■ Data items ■
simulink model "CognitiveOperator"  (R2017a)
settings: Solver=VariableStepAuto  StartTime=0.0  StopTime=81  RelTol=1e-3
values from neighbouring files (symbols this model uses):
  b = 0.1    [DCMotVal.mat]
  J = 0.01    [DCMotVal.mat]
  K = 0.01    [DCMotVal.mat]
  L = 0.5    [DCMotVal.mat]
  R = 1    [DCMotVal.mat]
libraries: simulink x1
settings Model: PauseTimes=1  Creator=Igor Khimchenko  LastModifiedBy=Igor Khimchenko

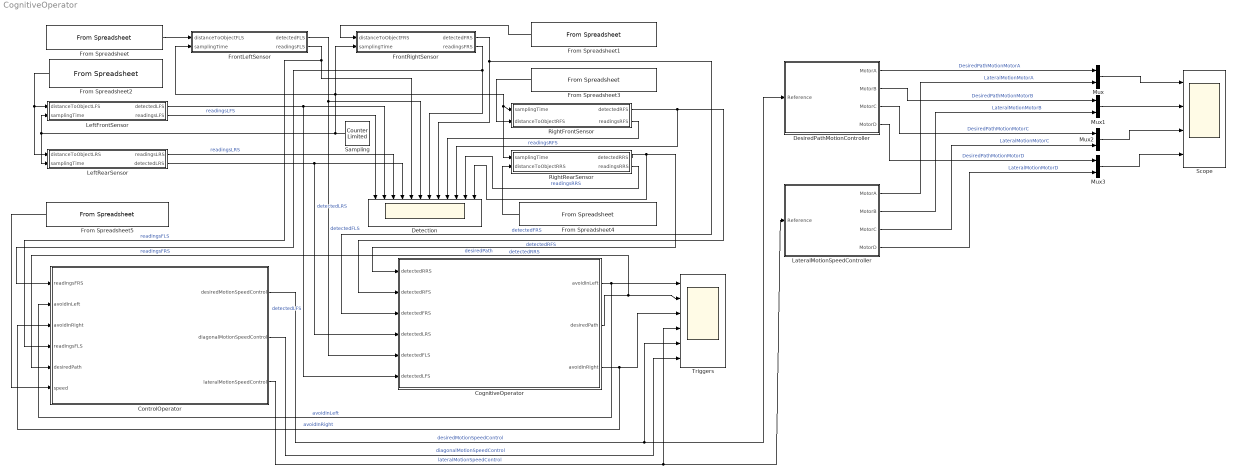
== system CognitiveOperator ==
  CognitiveOperator : Stateflow chart  TreatAsAtomicUnit=on
  ControlOperator : Stateflow chart  TreatAsAtomicUnit=on
  DesiredPathMotionController : Subsystem
  Detection : Scope  NumInputPorts=12
  From Spreadsheet : FromSpreadsheet  FileName=SensorReadings.xlsx  SheetName=Front left
  From Spreadsheet1 : FromSpreadsheet  FileName=SensorReadings.xlsx  SheetName=Front right
  From Spreadsheet2 : FromSpreadsheet  FileName=SensorReadings.xlsx  SheetName=Left
  From Spreadsheet3 : FromSpreadsheet  FileName=SensorReadings.xlsx  SheetName=Right front
  From Spreadsheet4 : FromSpreadsheet  FileName=SensorReadings.xlsx  SheetName=Right rear
  From Spreadsheet5 : FromSpreadsheet  FileName=SensorReadings.xlsx  SheetName=Speed
  FrontLeftSensor : Stateflow chart  TreatAsAtomicUnit=on
  FrontRightSensor : Stateflow chart  TreatAsAtomicUnit=on
  LateralMotionSpeedController : Subsystem
  LeftFrontSensor : Stateflow chart  TreatAsAtomicUnit=on
  LeftRearSensor : Stateflow chart  TreatAsAtomicUnit=on
  Mux{,1..3} (4 alike) : Mux  Inputs=2
  RightFrontSensor : Stateflow chart  TreatAsAtomicUnit=on
  RightRearSensor : Stateflow chart  TreatAsAtomicUnit=on
  Sampling : simulink/Sources/Counter Limited  uplimit=50  tsamp=0.001
  Scope : Scope  NumInputPorts=4
  Triggers : Scope  NumInputPorts=6
  wires:
  From Spreadsheet2/1 -> LeftRearSensor/1(distanceToObjectLRS), LeftFrontSensor/1(distanceToObjectLFS)
  Sampling/1 -> LeftRearSensor/2(samplingTime), LeftFrontSensor/2(samplingTime), FrontRightSensor/2(samplingTime), RightRearSensor/1(samplingTime), RightFrontSensor/1(samplingTime), FrontLeftSensor/2(samplingTime)
  LeftFrontSensor/2(readingsLFS) -> Detection/1  "readingsLFS"
  LeftFrontSensor/1(detectedLFS) -> CognitiveOperator/6(detectedLFS), Detection/2  "detectedLFS"
  LeftRearSensor/1(readingsLRS) -> Detection/3  "readingsLRS"
  LeftRearSensor/2(detectedLRS) -> CognitiveOperator/4(detectedLRS), Detection/4  "detectedLRS"
  FrontLeftSensor/2(readingsFLS) -> ControlOperator/4(readingsFLS), Detection/5  "readingsFLS"
  FrontLeftSensor/1(detectedFLS) -> CognitiveOperator/5(detectedFLS), Detection/6  "detectedFLS"
  FrontRightSensor/2(readingsFRS) -> ControlOperator/1(readingsFRS), Detection/7  "readingsFRS"
  FrontRightSensor/1(detectedFRS) -> CognitiveOperator/3(detectedFRS), Detection/8  "detectedFRS"
  RightFrontSensor/2(readingsRFS) -> Detection/9  "readingsRFS"
  RightFrontSensor/1(detectedRFS) -> Detection/10, CognitiveOperator/2(detectedRFS)  "detectedRFS"
  RightRearSensor/2(readingsRRS) -> Detection/11  "readingsRRS"
  RightRearSensor/1(detectedRRS) -> CognitiveOperator/1(detectedRRS), Detection/12  "detectedRRS"
  CognitiveOperator/1(avoidInLeft) -> ControlOperator/2(avoidInLeft), Triggers/1  "avoidInLeft"
  CognitiveOperator/2(desiredPath) -> ControlOperator/5(desiredPath), Triggers/2  "desiredPath"
  CognitiveOperator/3(avoidInRight) -> ControlOperator/3(avoidInRight), Triggers/3  "avoidInRight"
  From Spreadsheet3/1 -> RightFrontSensor/2(distanceToObjectRFS)
  From Spreadsheet4/1 -> RightRearSensor/2(distanceToObjectRRS)
  ControlOperator/1(desiredMotionSpeedControl) -> Triggers/5, DesiredPathMotionController/1(Reference)  "desiredMotionSpeedControl"
  ControlOperator/3(lateralMotionSpeedControl) -> Triggers/4, LateralMotionSpeedController/1(Reference)  "lateralMotionSpeedControl"
  From Spreadsheet5/1 -> ControlOperator/6(speed)
  From Spreadsheet/1 -> FrontLeftSensor/1(distanceToObjectFLS)
  From Spreadsheet1/1 -> FrontRightSensor/1(distanceToObjectFRS)
  ControlOperator/2(diagonalMotionSpeedControl) -> Triggers/6  "diagonalMotionSpeedControl"
  Mux/1 -> Scope/1
  Mux1/1 -> Scope/2
  Mux2/1 -> Scope/3
  Mux3/1 -> Scope/4
  DesiredPathMotionController/1(MotorA) -> Mux/1  "DesiredPathMotionMotorA"
  DesiredPathMotionController/2(MotorB) -> Mux1/1  "DesiredPathMotionMotorB"
  DesiredPathMotionController/3(MotorC) -> Mux2/1  "DesiredPathMotionMotorC"
  DesiredPathMotionController/4(MotorD) -> Mux3/1  "DesiredPathMotionMotorD"
  LateralMotionSpeedController/1(MotorA) -> Mux/2  "LateralMotionMotorA"
  LateralMotionSpeedController/2(MotorB) -> Mux1/2  "LateralMotionMotorB"
  LateralMotionSpeedController/3(MotorC) -> Mux2/2  "LateralMotionMotorC"
  LateralMotionSpeedController/4(MotorD) -> Mux3/2  "LateralMotionMotorD"

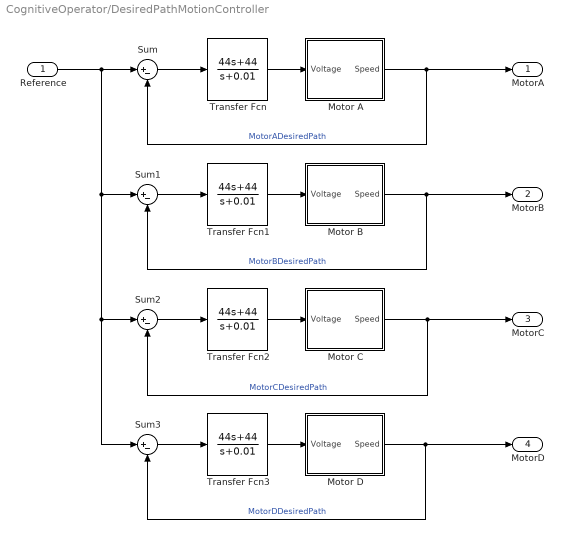
== system CognitiveOperator/DesiredPathMotionController ==
  Reference : Inport
  Motor A : Subsystem
  Motor B : Subsystem
  Motor C : Subsystem
  Motor D : Subsystem
  Sum{,1..3} (4 alike) : Sum  Inputs=|+-
  Transfer Fcn{,1..3} (4 alike) : TransferFcn  Numerator=[44 44]  Denominator=[1 0.01]
  MotorA : Outport
  MotorB : Outport  Port=2
  MotorC : Outport  Port=3
  MotorD : Outport  Port=4
  wires:
  Transfer Fcn/1 -> Motor A/1(Voltage)
  Sum2/1 -> Transfer Fcn2/1
  Transfer Fcn1/1 -> Motor B/1(Voltage)
  Sum1/1 -> Transfer Fcn1/1
  Motor D/1(Speed) -> MotorD/1, Sum3/2  "MotorDDesiredPath"
  Sum3/1 -> Transfer Fcn3/1
  Motor A/1(Speed) -> MotorA/1, Sum/2  "MotorADesiredPath"
  Motor C/1(Speed) -> MotorC/1, Sum2/2  "MotorCDesiredPath"
  Sum/1 -> Transfer Fcn/1
  Transfer Fcn3/1 -> Motor D/1(Voltage)
  Reference/1 -> Sum3/1, Sum2/1, Sum1/1, Sum/1
  Motor B/1(Speed) -> MotorB/1, Sum1/2  "MotorBDesiredPath"
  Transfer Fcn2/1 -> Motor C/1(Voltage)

■ Work task ■
Report only the number of lines in the records that include the word "settings".

■ Task output ■
2